I visited the GP one more time later in September, and he brought up the coeliac issue again, recommending I went on a gluten-free diet, to see if it made a difference.

(Wembley Park Medical Centre have been amazing throughout this by the way, including helping me get over my fear of needles)

Within a matter of weeks, I had improved massively.

I was no longer completely exhausted and tired, even though it was lingering somewhat.

I did this until I went on holiday to Marrakech in November. I tried some gluten for the first time in months, because I was away, and at first I felt fine.

I don’t know if it was the bread I ate, the weather, or anything else I ate, but I felt diabolical in the days to come.

I had the dizziness and fatigue once more, this time compounded by being in a foreign country.

I felt like everything was spinning, my head almost felt like it was underwater or something.

Me in sunny Marrakech. Don't be fooled by the sun and shades, I was suffering slightly.
And every time I wanted to go and have something to eat, I was frozen by the possibility of eaten gluten, in case it was the ‘thing’ causing this debilitating physical symptoms.
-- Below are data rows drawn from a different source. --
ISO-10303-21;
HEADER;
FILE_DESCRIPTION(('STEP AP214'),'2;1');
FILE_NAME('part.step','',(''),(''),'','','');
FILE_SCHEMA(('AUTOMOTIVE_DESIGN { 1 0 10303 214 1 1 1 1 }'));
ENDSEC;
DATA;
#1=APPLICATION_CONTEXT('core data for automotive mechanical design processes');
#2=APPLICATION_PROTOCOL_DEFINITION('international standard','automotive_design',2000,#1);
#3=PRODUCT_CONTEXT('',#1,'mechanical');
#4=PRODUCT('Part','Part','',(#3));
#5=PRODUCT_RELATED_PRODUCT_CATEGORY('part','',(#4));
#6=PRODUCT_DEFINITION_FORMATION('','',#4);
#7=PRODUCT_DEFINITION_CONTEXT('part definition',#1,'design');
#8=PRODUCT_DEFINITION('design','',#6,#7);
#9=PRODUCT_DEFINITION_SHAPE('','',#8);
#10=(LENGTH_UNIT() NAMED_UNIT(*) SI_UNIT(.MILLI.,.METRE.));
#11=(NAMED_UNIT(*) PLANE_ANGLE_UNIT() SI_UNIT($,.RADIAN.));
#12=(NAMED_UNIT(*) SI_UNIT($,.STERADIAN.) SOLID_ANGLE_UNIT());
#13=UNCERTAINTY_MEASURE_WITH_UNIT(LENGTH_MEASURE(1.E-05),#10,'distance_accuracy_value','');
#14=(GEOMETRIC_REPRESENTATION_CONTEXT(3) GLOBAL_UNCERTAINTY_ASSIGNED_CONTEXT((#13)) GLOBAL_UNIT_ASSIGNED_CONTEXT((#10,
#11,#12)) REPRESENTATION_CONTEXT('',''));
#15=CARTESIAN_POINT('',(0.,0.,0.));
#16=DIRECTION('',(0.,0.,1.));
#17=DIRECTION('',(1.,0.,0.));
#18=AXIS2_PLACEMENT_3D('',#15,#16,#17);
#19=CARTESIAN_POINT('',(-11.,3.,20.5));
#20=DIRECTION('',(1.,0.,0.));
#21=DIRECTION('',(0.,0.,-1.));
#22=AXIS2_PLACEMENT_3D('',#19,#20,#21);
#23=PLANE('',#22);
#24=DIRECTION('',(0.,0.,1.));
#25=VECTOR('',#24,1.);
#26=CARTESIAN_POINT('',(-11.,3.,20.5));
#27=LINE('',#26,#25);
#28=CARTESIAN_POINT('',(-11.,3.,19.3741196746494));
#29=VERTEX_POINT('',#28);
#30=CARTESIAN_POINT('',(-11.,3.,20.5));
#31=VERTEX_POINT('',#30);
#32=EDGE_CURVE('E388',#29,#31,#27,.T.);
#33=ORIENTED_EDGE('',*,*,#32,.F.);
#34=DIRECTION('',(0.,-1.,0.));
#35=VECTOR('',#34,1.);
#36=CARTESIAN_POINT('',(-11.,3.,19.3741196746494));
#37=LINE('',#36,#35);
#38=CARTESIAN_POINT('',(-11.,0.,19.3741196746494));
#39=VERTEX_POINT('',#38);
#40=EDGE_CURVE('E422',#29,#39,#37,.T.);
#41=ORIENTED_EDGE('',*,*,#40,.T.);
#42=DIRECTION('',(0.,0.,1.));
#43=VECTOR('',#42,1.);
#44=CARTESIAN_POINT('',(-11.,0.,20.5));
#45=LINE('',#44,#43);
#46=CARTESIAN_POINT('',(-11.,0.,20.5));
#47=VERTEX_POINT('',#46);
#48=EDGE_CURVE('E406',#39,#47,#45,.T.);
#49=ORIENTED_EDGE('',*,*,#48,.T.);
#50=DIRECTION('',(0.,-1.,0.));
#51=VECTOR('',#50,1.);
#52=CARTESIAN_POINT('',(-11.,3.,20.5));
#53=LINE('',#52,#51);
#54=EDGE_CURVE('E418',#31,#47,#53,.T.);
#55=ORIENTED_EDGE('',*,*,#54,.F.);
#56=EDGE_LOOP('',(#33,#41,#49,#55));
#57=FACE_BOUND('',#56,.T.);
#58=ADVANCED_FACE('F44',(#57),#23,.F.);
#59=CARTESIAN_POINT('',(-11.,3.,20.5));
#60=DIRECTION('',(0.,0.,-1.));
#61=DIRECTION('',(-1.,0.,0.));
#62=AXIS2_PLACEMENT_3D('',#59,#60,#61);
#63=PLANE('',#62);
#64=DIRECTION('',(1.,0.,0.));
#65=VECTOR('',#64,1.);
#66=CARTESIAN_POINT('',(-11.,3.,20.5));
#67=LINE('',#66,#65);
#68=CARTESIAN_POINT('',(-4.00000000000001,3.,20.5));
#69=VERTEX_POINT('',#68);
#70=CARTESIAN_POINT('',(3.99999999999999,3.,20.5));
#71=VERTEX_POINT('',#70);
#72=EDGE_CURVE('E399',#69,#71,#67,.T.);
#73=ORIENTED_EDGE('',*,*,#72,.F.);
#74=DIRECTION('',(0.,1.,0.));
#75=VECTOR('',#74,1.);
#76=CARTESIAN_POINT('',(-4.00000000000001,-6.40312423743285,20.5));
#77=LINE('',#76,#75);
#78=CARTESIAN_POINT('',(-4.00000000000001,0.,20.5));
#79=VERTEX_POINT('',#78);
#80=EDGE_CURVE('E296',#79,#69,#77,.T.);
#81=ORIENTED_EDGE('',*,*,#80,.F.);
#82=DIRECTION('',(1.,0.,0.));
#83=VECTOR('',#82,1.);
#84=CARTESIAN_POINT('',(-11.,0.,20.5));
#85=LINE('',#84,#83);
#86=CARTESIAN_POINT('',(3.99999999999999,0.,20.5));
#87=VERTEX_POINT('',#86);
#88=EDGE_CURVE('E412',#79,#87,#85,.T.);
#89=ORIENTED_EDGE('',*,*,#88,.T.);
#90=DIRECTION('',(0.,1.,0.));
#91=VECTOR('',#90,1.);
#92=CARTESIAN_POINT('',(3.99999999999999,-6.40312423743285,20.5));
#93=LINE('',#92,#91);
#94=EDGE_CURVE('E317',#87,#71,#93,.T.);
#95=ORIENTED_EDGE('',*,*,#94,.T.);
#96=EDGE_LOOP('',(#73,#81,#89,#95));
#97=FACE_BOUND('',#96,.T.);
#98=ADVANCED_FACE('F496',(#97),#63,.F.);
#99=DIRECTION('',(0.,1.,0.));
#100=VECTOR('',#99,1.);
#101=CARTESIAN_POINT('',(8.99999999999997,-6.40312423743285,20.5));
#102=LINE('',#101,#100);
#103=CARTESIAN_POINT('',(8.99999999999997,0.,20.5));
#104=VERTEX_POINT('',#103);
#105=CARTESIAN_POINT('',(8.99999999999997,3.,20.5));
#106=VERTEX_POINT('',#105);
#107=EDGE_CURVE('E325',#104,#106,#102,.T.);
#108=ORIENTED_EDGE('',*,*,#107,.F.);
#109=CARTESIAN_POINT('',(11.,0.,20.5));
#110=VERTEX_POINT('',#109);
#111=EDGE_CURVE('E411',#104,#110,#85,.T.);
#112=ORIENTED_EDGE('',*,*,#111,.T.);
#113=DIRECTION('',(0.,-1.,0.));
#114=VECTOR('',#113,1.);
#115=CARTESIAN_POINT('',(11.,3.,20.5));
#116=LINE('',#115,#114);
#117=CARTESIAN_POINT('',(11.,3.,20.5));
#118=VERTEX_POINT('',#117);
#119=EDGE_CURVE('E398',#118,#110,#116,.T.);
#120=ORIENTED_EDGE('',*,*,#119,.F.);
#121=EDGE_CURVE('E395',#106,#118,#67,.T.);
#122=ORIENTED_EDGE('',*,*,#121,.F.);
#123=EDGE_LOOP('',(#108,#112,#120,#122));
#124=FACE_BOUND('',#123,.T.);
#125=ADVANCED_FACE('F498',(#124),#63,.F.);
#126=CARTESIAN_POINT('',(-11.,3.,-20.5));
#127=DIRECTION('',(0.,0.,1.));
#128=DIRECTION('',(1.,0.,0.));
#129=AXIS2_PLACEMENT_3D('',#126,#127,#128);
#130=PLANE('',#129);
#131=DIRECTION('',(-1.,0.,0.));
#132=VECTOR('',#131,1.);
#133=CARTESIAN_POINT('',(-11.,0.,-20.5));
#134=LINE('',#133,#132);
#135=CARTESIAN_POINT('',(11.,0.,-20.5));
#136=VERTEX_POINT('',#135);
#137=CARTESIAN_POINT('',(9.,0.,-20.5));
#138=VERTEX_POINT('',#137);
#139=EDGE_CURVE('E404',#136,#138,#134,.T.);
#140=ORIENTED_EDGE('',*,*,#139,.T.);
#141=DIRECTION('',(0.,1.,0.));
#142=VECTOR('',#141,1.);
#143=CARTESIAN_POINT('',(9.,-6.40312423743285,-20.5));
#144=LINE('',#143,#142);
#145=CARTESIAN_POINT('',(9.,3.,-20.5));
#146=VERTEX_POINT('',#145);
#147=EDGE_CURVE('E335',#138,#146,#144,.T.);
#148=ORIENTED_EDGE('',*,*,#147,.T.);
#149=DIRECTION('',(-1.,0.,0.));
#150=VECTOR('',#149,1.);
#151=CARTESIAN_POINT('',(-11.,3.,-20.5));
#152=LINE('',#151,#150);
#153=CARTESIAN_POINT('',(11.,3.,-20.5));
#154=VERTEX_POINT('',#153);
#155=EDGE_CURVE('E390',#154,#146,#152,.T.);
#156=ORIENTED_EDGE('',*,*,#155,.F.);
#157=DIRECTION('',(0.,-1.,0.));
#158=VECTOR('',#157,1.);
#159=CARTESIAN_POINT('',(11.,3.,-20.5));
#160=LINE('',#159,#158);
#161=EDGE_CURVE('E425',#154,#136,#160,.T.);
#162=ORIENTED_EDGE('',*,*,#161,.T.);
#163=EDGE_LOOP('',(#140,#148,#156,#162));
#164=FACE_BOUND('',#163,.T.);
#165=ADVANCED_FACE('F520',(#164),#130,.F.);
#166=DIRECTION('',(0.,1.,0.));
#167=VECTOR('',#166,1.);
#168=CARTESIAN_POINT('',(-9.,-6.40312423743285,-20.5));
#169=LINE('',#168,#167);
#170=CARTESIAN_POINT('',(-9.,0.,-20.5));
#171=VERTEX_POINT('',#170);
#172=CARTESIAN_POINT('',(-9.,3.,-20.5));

I somehow made my way back home still feeling its effect, and in mid November, I was told I have a biopsy scheduled at the hospital, where they’d put a tube with a camera down my throat, to test me for coeliac. 

The catch was, in order to get an accurate reading, one has to eat gluten.

At this stage I didn't know if I was coeliac or not, but the prospect of eating gluten - if I was coeliac - was worrying.

It meant being ill, deliberately eating something that made me dysfunctional, damaging my body. 

It triggered the kind of stress that I’d been wrapped with earlier in the year, and recently on holiday too. 

I have never felt my gut and my brain being so linked up, it was horrible. 

A few weeks in to the so-called ‘gluten challenge’, as if it’s some kind of Tiktok trend, and I felt relatively OK. 

But with about two weeks to go before the biopsy, I went to another wedding. I ate some gluten, as I had been in recent weeks. And took a turn.

I barely had anything to drink at this small wedding with just eight people, but couldn’t sleep. 

After just a handful of hours of shuteye I had a formal lunch and a five-hour drive to contend with, while feeling dizzy and disorientated, nauseous and stressed.

Even after catching up on sleep, the dizziness continued for days after; and I was routinely working in a state which at another point in the year, I frankly would not have been able to.

Thankfully it’s quieter in the run-up to Christmas. 

Six months after that first panic attack, I am still not entirely sure what is wrong with me.

I think I might be coeliac or gluten intolerant, but I can’t prove it until January when I get test results from this biopsy. I also think, I mean I know, I have problems regarding stress and anxiety.

But there isn’t much I can do about that, other than continue with CBT and try to follow the advice I am being given.

Hopefully 2025 gives some clarity, and I can find out what’s wrong with me, and how to manage it.

The only real reason I have written this is for personal and therapeutic reasons. It is good to get it off my chest.


I am certainly not looking for sympathy or advice, I am getting plenty of help, and have sought more.


If you've got this far though, thank you for reading.